<<<<

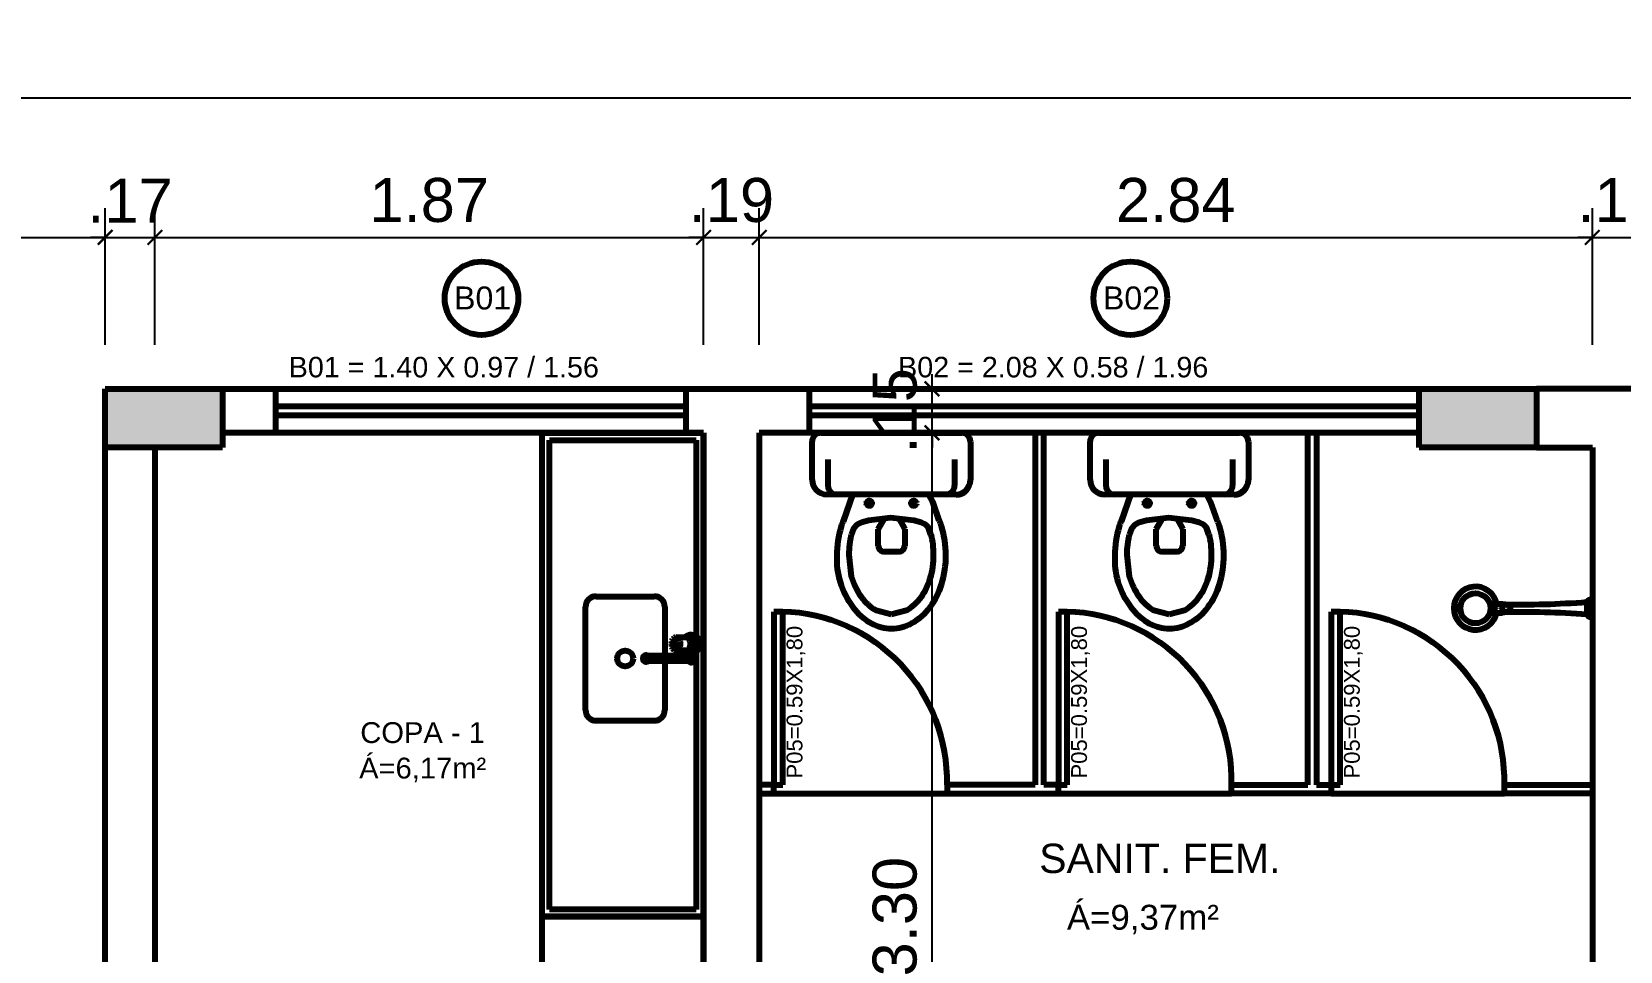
# Model space of a CAD drawing. Header units: metres. Extents: x -15851 to -15710, y 6781 to 6850.
# Drawn here: x -15744.42 to -15739.01, y 6804.25 to 6807.39 of the extents above; entities that cross this region are included whole.
import ezdxf

# ---------------------------------------------------------------- set-up
doc = ezdxf.new("R2010")
doc.units = ezdxf.units.M
doc.layers.add('cota', color=18, linetype='Continuous', lineweight=9)
doc.layers.add('parede', color=8, linetype='Continuous', lineweight=80)
doc.styles.add('AMBI', font='arial.ttf')
doc.styles.add('arial', font='arial.ttf')
doc.dimstyles.new('1-50', dxfattribs={"dimtxt": 0.15, "dimasz": 0.05, "dimexe": 0.1, "dimexo": 0.15, "dimgap": 0.05, "dimtad": 1, "dimzin": 4, "dimdsep": 46, "dimtxsty": 'arial', "dimblk": 'ARCHTICK', "dimcen": 0, "dimdle": 0.08, "dimclrd": 256, "dimclre": 256, "dimclrt": 256, "dimadec": 1, "dimazin": 0, "dimtfac": 1, "dimtix": 1, "dimtmove": 0, "dimatfit": 0, "dimldrblk": 'ARCHTICK', "dimfxl": 1, "dimtolj": 1, "dimarcsym": 0})

# ---------------------------------------------------------------- blocks, each defined once
blk = doc.blocks.new('asdf')
at = {"layer": 'parede'}
h = blk.add_hatch(color=256, dxfattribs=at)
h.paths.add_polyline_path([(-15936.6437, 6790.3875), (-15936.9437, 6790.3875), (-15936.9437, 6789.8875), (-15936.6437, 6789.8875)])
h.paths.add_polyline_path([(-15936.6437, 6796.4875), (-15936.9437, 6796.4875), (-15936.9437, 6795.9875), (-15936.6437, 6795.9875)])
h.paths.add_polyline_path([(-15936.6437, 6802.7175), (-15936.9437, 6802.7175), (-15936.9437, 6802.2175), (-15936.6437, 6802.2175)])
h.paths.add_polyline_path([(-15941.4237, 6802.7175), (-15941.7237, 6802.7175), (-15941.7237, 6802.2175), (-15941.4237, 6802.2175)])
h.paths.add_polyline_path([(-15941.4237, 6796.4875), (-15941.7237, 6796.4875), (-15941.7237, 6795.9875), (-15941.4237, 6795.9875)])
h.paths.add_polyline_path([(-15941.4237, 6790.3875), (-15941.7237, 6790.3875), (-15941.7237, 6789.8875), (-15941.4237, 6789.8875)])
h.paths.add_polyline_path([(-15941.5737, 6787.3375), (-15941.8737, 6787.3375), (-15941.8737, 6787.1375), (-15941.5737, 6787.1375)])
h.paths.add_polyline_path([(-15946.2037, 6787.3375), (-15946.5037, 6787.3375), (-15946.5037, 6787.1375), (-15946.2037, 6787.1375)])
h.paths.add_polyline_path([(-15948.8937, 6787.3375), (-15949.1937, 6787.3375), (-15949.1937, 6787.1375), (-15948.8937, 6787.1375)])
h.paths.add_polyline_path([(-15950.9837, 6790.3875), (-15951.2837, 6790.3875), (-15951.2837, 6789.8875), (-15950.9837, 6789.8875)])
h.paths.add_polyline_path([(-15955.7637, 6790.3875), (-15956.0637, 6790.3875), (-15956.0637, 6790.2375), (-15956.0637, 6789.8875), (-15955.7637, 6789.8875)])
h.paths.add_polyline_path([(-15960.5437, 6790.3875), (-15960.8437, 6790.3875), (-15960.8437, 6789.8875), (-15960.5437, 6789.8875)])
h.paths.add_polyline_path([(-15960.5437, 6796.4875), (-15960.8437, 6796.4875), (-15960.8437, 6795.9875), (-15960.5437, 6795.9875)])
h.paths.add_polyline_path([(-15955.7637, 6796.4875), (-15956.0637, 6796.4875), (-15956.0637, 6795.9875), (-15955.7637, 6795.9875)])
h.paths.add_polyline_path([(-15950.9837, 6796.4875), (-15951.2837, 6796.4875), (-15951.2837, 6795.9875), (-15950.9837, 6795.9875)])
h.paths.add_polyline_path([(-15946.2037, 6796.4875), (-15946.5037, 6796.4875), (-15946.5037, 6795.9875), (-15946.2037, 6795.9875)])
h.paths.add_polyline_path([(-15943.7537, 6800.7375), (-15944.0537, 6800.7375), (-15944.0537, 6800.5375), (-15943.7537, 6800.5375)])
h.paths.add_polyline_path([(-15946.3187, 6802.7175), (-15946.6187, 6802.7175), (-15946.6187, 6802.2175), (-15946.3187, 6802.2175)])
h.paths.add_polyline_path([(-15948.5937, 6800.7375), (-15948.8937, 6800.7375), (-15948.8937, 6800.5375), (-15948.5937, 6800.5375)])
h.paths.add_polyline_path([(-15953.4337, 6800.7375), (-15953.7337, 6800.7375), (-15953.7337, 6800.5375), (-15953.4337, 6800.5375)])
h.paths.add_polyline_path([(-15950.7887, 6802.7175), (-15951.0887, 6802.7175), (-15951.0887, 6802.2175), (-15950.7887, 6802.2175)])
h.paths.add_polyline_path([(-15955.7637, 6802.7175), (-15956.0637, 6802.7175), (-15956.0637, 6802.2175), (-15955.7637, 6802.2175)])
h.paths.add_polyline_path([(-15960.5437, 6802.7175), (-15960.8437, 6802.7175), (-15960.8437, 6802.2175), (-15960.5437, 6802.2175)])
h.paths.add_polyline_path([(-15955.4137, 6806.1675), (-15955.8137, 6806.1675), (-15955.8137, 6805.9675), (-15955.4137, 6805.9675)])
h.paths.add_polyline_path([(-15950.9337, 6806.1675), (-15951.3337, 6806.1675), (-15951.3337, 6805.9675), (-15950.9337, 6805.9675)])
h.paths.add_polyline_path([(-15946.1537, 6806.1675), (-15946.5537, 6806.1675), (-15946.5537, 6805.9675), (-15946.1537, 6805.9675)])
h.paths.add_polyline_path([(-15941.6837, 6806.1675), (-15942.0837, 6806.1675), (-15942.0837, 6805.9675), (-15941.6837, 6805.9675)])
for p, q in [((-15955.8137, 6806.1675), (-15955.4137, 6806.1675)), ((-15955.8137, 6805.9675), (-15955.8137, 6806.1675)), ((-15955.8137, 6802.7175), (-15955.8137, 6806.1675)), ((-15955.8137, 6806.1675), (-15955.2331, 6806.1675)), ((-15955.4137, 6806.1675), (-15955.4137, 6805.9675)), ((-15955.2331, 6806.1675), (-15953.8331, 6806.1675)), ((-15955.2331, 6806.1675), (-15955.2331, 6806.0175)), ((-15953.8331, 6806.0175), (-15953.8331, 6806.1675)), ((-15953.8331, 6806.1675), (-15953.8331, 6806.1675)), ((-15953.8331, 6806.1675), (-15953.4137, 6806.1675)), ((-15953.4137, 6806.1675), (-15951.3337, 6806.1675)), ((-15953.4137, 6806.1675), (-15953.4137, 6806.0175)), ((-15951.3337, 6806.1675), (-15950.9337, 6806.1675)), ((-15951.3337, 6805.9675), (-15951.3337, 6806.1675)), ((-15950.4837, 6806.1675), (-15950.9337, 6806.1675)), ((-15950.9337, 6806.1675), (-15950.9337, 6805.9675)), ((-15950.9337, 6806.1675), (-15950.9337, 6805.9675)), ((-15955.2331, 6806.0175), (-15955.4137, 6806.0175)), ((-15953.8331, 6806.0175), (-15955.2331, 6806.0175)), ((-15953.7737, 6806.0175), (-15953.8331, 6806.0175)), ((-15953.7737, 6802.7175), (-15953.7737, 6806.0175)), ((-15953.4137, 6806.0175), (-15953.5837, 6806.0175)), ((-15953.5837, 6806.0175), (-15953.5837, 6802.7175)), ((-15951.3337, 6806.0175), (-15953.4137, 6806.0175)), ((-15952.6437, 6806.0175), (-15952.6437, 6804.8175)), ((-15952.6137, 6804.8175), (-15952.6137, 6806.0175)), ((-15951.7137, 6804.8175), (-15951.7137, 6806.0175)), ((-15951.6837, 6806.0175), (-15951.6837, 6804.8175)), ((-15955.4137, 6805.9675), (-15955.8137, 6805.9675)), ((-15955.6437, 6805.9675), (-15955.6437, 6802.7175)), ((-15950.9337, 6805.9675), (-15951.3337, 6805.9675)), ((-15950.9337, 6805.9675), (-15950.7437, 6805.9675)), ((-15950.7437, 6805.9675), (-15950.7437, 6802.7175)), ((-15951.091, 6805.4257), (-15951.0827, 6805.4257)), ((-15951.091, 6805.4233), (-15951.0827, 6805.4233)), ((-15951.091, 6805.4154), (-15951.0827, 6805.4154)), ((-15951.091, 6805.4154), (-15951.0827, 6805.4154)), ((-15951.091, 6805.413), (-15951.0827, 6805.413)), ((-15951.087, 6805.4312), (-15951.087, 6805.4257)), ((-15951.087, 6805.413), (-15951.087, 6805.4071)), ((-15951.0835, 6805.4331), (-15951.0835, 6805.4257)), ((-15951.0835, 6805.413), (-15951.0835, 6805.4052)), ((-15951.0827, 6805.4257), (-15951.0827, 6805.413)), ((-15951.0827, 6805.4205), (-15951.0709, 6805.4205)), ((-15951.0827, 6805.4182), (-15951.0709, 6805.4182)), ((-15951.0764, 6805.4205), (-15951.0764, 6805.4347)), ((-15951.0764, 6805.404), (-15951.0764, 6805.4182)), ((-15951.0709, 6805.4205), (-15951.0709, 6805.4182)), ((-15951.0496, 6805.4059), (-15951.0496, 6805.4327)), ((-15950.7622, 6805.4406), (-15950.7622, 6805.3977)), ((-15950.7437, 6805.3873), (-15950.7437, 6805.4514)), ((-15953.5037, 6805.4075), (-15953.5337, 6805.4075)), ((-15953.5337, 6805.4075), (-15953.5337, 6804.8175)), ((-15953.5037, 6804.8175), (-15953.5037, 6805.4075)), ((-15952.5337, 6805.4075), (-15952.5637, 6805.4075)), ((-15952.5637, 6805.4075), (-15952.5637, 6804.8175)), ((-15952.5337, 6804.8175), (-15952.5337, 6805.4075)), ((-15951.6037, 6805.4075), (-15951.6337, 6805.4075)), ((-15951.6337, 6805.4075), (-15951.6337, 6804.8175)), ((-15951.6037, 6804.8175), (-15951.6037, 6805.4075)), ((-15953.5337, 6804.8175), (-15953.5837, 6804.8175)), ((-15953.5337, 6804.7875), (-15953.5337, 6804.8175)), ((-15953.5337, 6804.8175), (-15953.5037, 6804.8175)), ((-15952.6437, 6804.8175), (-15952.9437, 6804.8175)), ((-15952.9437, 6804.8175), (-15952.9437, 6804.7875)), ((-15952.5637, 6804.8175), (-15952.6137, 6804.8175)), ((-15952.5637, 6804.8175), (-15952.5337, 6804.8175)), ((-15952.5637, 6804.7875), (-15952.5637, 6804.8175)), ((-15951.9737, 6804.7875), (-15951.9737, 6804.8175)), ((-15951.9737, 6804.8175), (-15951.7137, 6804.8175)), ((-15951.6837, 6804.8175), (-15951.6337, 6804.8175)), ((-15951.6337, 6804.8175), (-15951.6037, 6804.8175)), ((-15951.6337, 6804.8175), (-15951.6337, 6804.7875)), ((-15951.0437, 6804.7875), (-15951.0437, 6804.8175)), ((-15951.0437, 6804.8175), (-15950.7437, 6804.8175)), ((-15953.5837, 6804.7875), (-15953.5337, 6804.7875)), ((-15953.5337, 6804.7875), (-15952.9437, 6804.7875)), ((-15952.9437, 6804.7875), (-15952.5637, 6804.7875)), ((-15952.5637, 6804.7875), (-15951.9737, 6804.7875)), ((-15951.6337, 6804.7875), (-15951.9737, 6804.7875)), ((-15951.6337, 6804.7875), (-15951.0437, 6804.7875)), ((-15950.7437, 6804.7875), (-15951.0437, 6804.7875))]:
    blk.add_line(p, q, dxfattribs=at)
at = {"layer": 'parede', "linetype": 'ByBlock', "ltscale": 0.15}
for p, q in [((-15953.8331, 6806.1075), (-15955.2331, 6806.1075)), ((-15955.2331, 6806.1075), (-15955.2331, 6806.0775)), ((-15955.2331, 6806.0775), (-15953.8331, 6806.0775)), ((-15953.8331, 6806.0775), (-15953.8331, 6806.1075)), ((-15951.3337, 6806.1075), (-15953.4137, 6806.1075)), ((-15953.4137, 6806.1075), (-15953.4137, 6806.0775)), ((-15953.4137, 6806.0775), (-15951.3337, 6806.0775)), ((-15951.3337, 6806.0775), (-15951.3337, 6806.1075))]:
    blk.add_line(p, q, dxfattribs=at)
at = {"layer": 'parede', "ltscale": 0.2}
for p, q in [((-15954.3237, 6804.3675), (-15954.3237, 6806.0175)), ((-15954.3237, 6806.0175), (-15953.7737, 6806.0175)), ((-15953.7737, 6806.0175), (-15953.7737, 6804.3675)), ((-15954.2987, 6804.3925), (-15954.2987, 6805.9925)), ((-15954.2987, 6805.9925), (-15953.7987, 6805.9925)), ((-15953.7987, 6805.9925), (-15953.7987, 6804.3925)), ((-15953.7987, 6804.3925), (-15954.2987, 6804.3925)), ((-15954.3237, 6803.4371), (-15954.3237, 6804.3675)), ((-15954.3237, 6804.3675), (-15953.7737, 6804.3675)), ((-15953.7737, 6804.3675), (-15954.3237, 6804.3675)), ((-15953.7737, 6804.3675), (-15953.7737, 6803.4371))]:
    blk.add_line(p, q, dxfattribs=at)
at = {"layer": 'parede', "linetype": 'Continuous'}
for p, q in [((-15953.3737, 6806.0175), (-15952.8937, 6806.0175)), ((-15952.4261, 6806.0175), (-15951.9461, 6806.0175)), ((-15953.4037, 6805.8575), (-15953.4037, 6805.9875)), ((-15952.8637, 6805.9875), (-15952.8637, 6805.8575)), ((-15952.4561, 6805.8575), (-15952.4561, 6805.9875)), ((-15951.9161, 6805.9875), (-15951.9161, 6805.8575)), ((-15953.3496, 6805.9266), (-15953.3496, 6805.8375)), ((-15952.9178, 6805.9266), (-15952.9178, 6805.8375)), ((-15952.402, 6805.9266), (-15952.402, 6805.8375)), ((-15951.9703, 6805.9266), (-15951.9703, 6805.8375)), ((-15952.9137, 6805.8075), (-15953.3537, 6805.8075)), ((-15951.9661, 6805.8075), (-15952.4061, 6805.8075)), ((-15953.1778, 6805.6889), (-15953.1583, 6805.7243)), ((-15953.1778, 6805.6319), (-15953.1778, 6805.6889)), ((-15953.1069, 6805.7242), (-15953.0878, 6805.6889)), ((-15953.0878, 6805.6889), (-15953.0879, 6805.6319)), ((-15952.2303, 6805.6889), (-15952.2107, 6805.7243)), ((-15952.2303, 6805.6319), (-15952.2303, 6805.6889)), ((-15952.1594, 6805.7242), (-15952.1403, 6805.6889)), ((-15952.1403, 6805.6889), (-15952.1403, 6805.6319)), ((-15953.1079, 6805.6119), (-15953.1578, 6805.6119)), ((-15952.1603, 6805.6119), (-15952.2103, 6805.6119))]:
    blk.add_line(p, q, dxfattribs=at)
at = {"layer": 'parede', "linetype": 'ByBlock', "ltscale": 0.1}
for p, q in [((-15954.176, 6805.0721), (-15954.176, 6805.4237)), ((-15954.14, 6805.4598), (-15953.9416, 6805.4598)), ((-15953.9055, 6805.4237), (-15953.9055, 6805.2569)), ((-15953.8339, 6805.32), (-15953.8678, 6805.32)), ((-15953.8162, 6805.3133), (-15953.8225, 6805.3133)), ((-15953.8162, 6805.2569), (-15953.9694, 6805.2569)), ((-15953.8339, 6805.275), (-15953.8678, 6805.275)), ((-15953.8297, 6805.2569), (-15953.8297, 6805.2757)), ((-15953.8162, 6805.2817), (-15953.8225, 6805.2817)), ((-15953.8026, 6805.2479), (-15953.8026, 6805.2872)), ((-15953.8162, 6805.2389), (-15953.9694, 6805.2389)), ((-15953.9055, 6805.2389), (-15953.9055, 6805.0721)), ((-15954.14, 6805.036), (-15953.9416, 6805.036))]:
    blk.add_line(p, q, dxfattribs=at)
at = {"layer": 'parede', "linetype": 'Continuous'}
for points in [[(-15952.9705, 6805.7189), (-15952.9925, 6805.782), (-15953.0055, 6805.8068), (-15953.2655, 6805.8068), (-15953.2962, 6805.7189), (-15953.2975, 6805.7154)], [(-15952.023, 6805.7189), (-15952.0449, 6805.782), (-15952.058, 6805.8068), (-15952.318, 6805.8068), (-15952.3486, 6805.7189), (-15952.35, 6805.7154)], [(-15952.9987, 6805.6711), (-15953.0063, 6805.6943), (-15953.0172, 6805.7054), (-15953.0319, 6805.7119), (-15953.0572, 6805.7189), (-15953.1363, 6805.7274), (-15953.2102, 6805.7189), (-15953.2356, 6805.7112), (-15953.251, 6805.7035), (-15953.2611, 6805.6928), (-15953.2687, 6805.6711)], [(-15952.0511, 6805.6711), (-15952.0587, 6805.6943), (-15952.0697, 6805.7054), (-15952.0843, 6805.7119), (-15952.1097, 6805.7189), (-15952.1888, 6805.7274), (-15952.2626, 6805.7189), (-15952.2881, 6805.7112), (-15952.3035, 6805.7035), (-15952.3136, 6805.6928), (-15952.3212, 6805.6711)]]:
    blk.add_lwpolyline(points, dxfattribs=at)
for points in [[(-15953.1328, 6805.3489, -0.128642), (-15953.2005, 6805.3665, -0.106299), (-15953.2636, 6805.4221, -0.084945), (-15953.3072, 6805.5084, -0.089952), (-15953.3181, 6805.5992, -0.074253), (-15953.3035, 6805.6981, -0.021192), (-15953.2962, 6805.7189, -0.106299)], [(-15952.9705, 6805.7189, -0.020611), (-15952.9634, 6805.6987, -0.074253), (-15952.9485, 6805.5998, -0.074253), (-15952.9631, 6805.5008, -0.084945), (-15953.0023, 6805.4225, -0.106299), (-15953.0653, 6805.3667, -0.128642), (-15953.1328, 6805.3489, -0.128642)], [(-15952.1853, 6805.3489, -0.128642), (-15952.2529, 6805.3665, -0.106299), (-15952.3161, 6805.4221, -0.084945), (-15952.3597, 6805.5084, -0.089952), (-15952.3705, 6805.5992, -0.074253), (-15952.3559, 6805.6981, -0.021192), (-15952.3486, 6805.7189, -0.106299)], [(-15952.023, 6805.7189, -0.020611), (-15952.0159, 6805.6987, -0.074253), (-15952.0009, 6805.5998, -0.074253), (-15952.0155, 6805.5008, -0.084945), (-15952.0547, 6805.4225, -0.106299), (-15952.1177, 6805.3667, -0.128642), (-15952.1853, 6805.3489, -0.128642)], [(-15953.1337, 6805.3974), (-15953.1857, 6805.4116, -0.106817), (-15953.2351, 6805.4573, -0.082468), (-15953.2689, 6805.5275), (-15953.2771, 6805.6017, -0.060521), (-15953.2687, 6805.6711, -0.04535)], [(-15952.9987, 6805.6711, -0.060521), (-15952.9903, 6805.6017, -0.070874), (-15953.0018, 6805.5207, -0.082468), (-15953.0323, 6805.4573, -0.106817), (-15953.0817, 6805.4116), (-15953.1337, 6805.3974)], [(-15952.1861, 6805.3974), (-15952.2382, 6805.4116, -0.106817), (-15952.2876, 6805.4573, -0.082468), (-15952.3213, 6805.5275), (-15952.3296, 6805.6017, -0.060521), (-15952.3212, 6805.6711, -0.04535)], [(-15952.0511, 6805.6711, -0.060521), (-15952.0427, 6805.6017, -0.070874), (-15952.0542, 6805.5207, -0.082468), (-15952.0847, 6805.4573, -0.106817), (-15952.1341, 6805.4116), (-15952.1861, 6805.3974)]]:
    blk.add_lwpolyline(points, format="xyb", dxfattribs=at)
at = {"layer": 'parede'}
for points in [[(-15951.1954, 6805.4237), (-15951.1998, 6805.4237), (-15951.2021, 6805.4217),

>>>>

Considering the records above, how many lines hold "parede"? Please answer with only the number.

> [RESULT]: 8